TASK PROMPT: Copy each line in the data below that contains the word "Success".

DATA FOR PROCESSING:
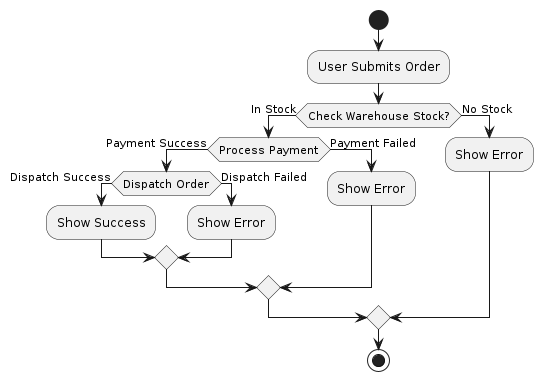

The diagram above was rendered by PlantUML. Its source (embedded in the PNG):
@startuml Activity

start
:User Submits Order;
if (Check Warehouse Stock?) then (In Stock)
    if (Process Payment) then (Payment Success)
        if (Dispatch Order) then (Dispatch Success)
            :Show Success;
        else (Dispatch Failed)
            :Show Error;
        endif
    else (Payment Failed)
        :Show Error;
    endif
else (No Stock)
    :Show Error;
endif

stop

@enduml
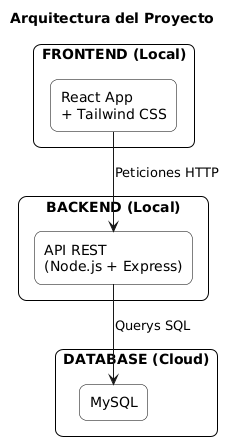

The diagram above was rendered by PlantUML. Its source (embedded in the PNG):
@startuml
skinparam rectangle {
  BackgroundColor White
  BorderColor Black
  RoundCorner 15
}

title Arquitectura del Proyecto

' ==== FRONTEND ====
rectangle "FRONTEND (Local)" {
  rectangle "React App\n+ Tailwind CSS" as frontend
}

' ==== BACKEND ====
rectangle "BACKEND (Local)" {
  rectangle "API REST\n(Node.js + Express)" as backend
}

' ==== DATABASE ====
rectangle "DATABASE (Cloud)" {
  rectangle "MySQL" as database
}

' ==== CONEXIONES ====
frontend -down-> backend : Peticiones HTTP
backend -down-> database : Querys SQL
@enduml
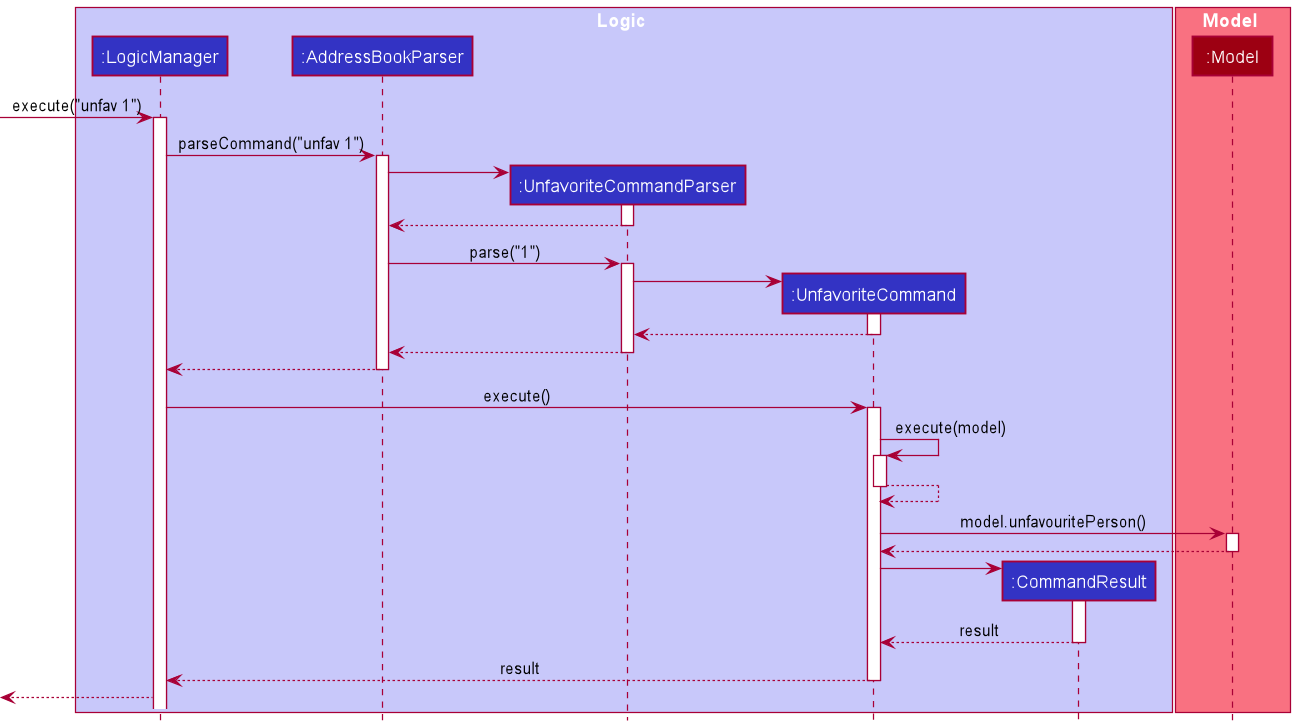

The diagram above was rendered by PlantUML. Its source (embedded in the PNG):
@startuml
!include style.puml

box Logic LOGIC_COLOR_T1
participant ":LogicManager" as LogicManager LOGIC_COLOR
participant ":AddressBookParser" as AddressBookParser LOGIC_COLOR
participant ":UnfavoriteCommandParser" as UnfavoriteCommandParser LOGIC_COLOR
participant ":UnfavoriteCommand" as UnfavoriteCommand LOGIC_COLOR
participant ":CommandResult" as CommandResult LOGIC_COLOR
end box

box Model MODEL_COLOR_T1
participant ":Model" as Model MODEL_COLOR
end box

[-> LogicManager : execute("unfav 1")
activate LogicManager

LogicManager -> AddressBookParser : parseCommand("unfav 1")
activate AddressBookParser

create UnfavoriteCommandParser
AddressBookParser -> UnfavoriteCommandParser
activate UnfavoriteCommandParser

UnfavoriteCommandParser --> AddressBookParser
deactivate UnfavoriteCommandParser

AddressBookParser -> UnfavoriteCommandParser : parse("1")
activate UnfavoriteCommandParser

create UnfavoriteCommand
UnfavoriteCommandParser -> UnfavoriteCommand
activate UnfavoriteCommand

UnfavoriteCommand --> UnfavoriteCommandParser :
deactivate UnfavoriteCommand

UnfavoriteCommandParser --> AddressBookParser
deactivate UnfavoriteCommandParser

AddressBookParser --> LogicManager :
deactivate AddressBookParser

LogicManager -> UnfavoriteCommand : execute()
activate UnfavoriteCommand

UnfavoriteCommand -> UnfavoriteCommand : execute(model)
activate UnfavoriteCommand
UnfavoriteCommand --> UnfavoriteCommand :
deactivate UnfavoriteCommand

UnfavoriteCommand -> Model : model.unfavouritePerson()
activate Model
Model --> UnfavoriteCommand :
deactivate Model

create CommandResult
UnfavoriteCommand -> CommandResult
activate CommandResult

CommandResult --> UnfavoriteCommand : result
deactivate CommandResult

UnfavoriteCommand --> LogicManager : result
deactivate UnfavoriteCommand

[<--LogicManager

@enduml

TASK SOLUTION:
    if (Process Payment) then (Payment Success)
        if (Dispatch Order) then (Dispatch Success)
            :Show Success;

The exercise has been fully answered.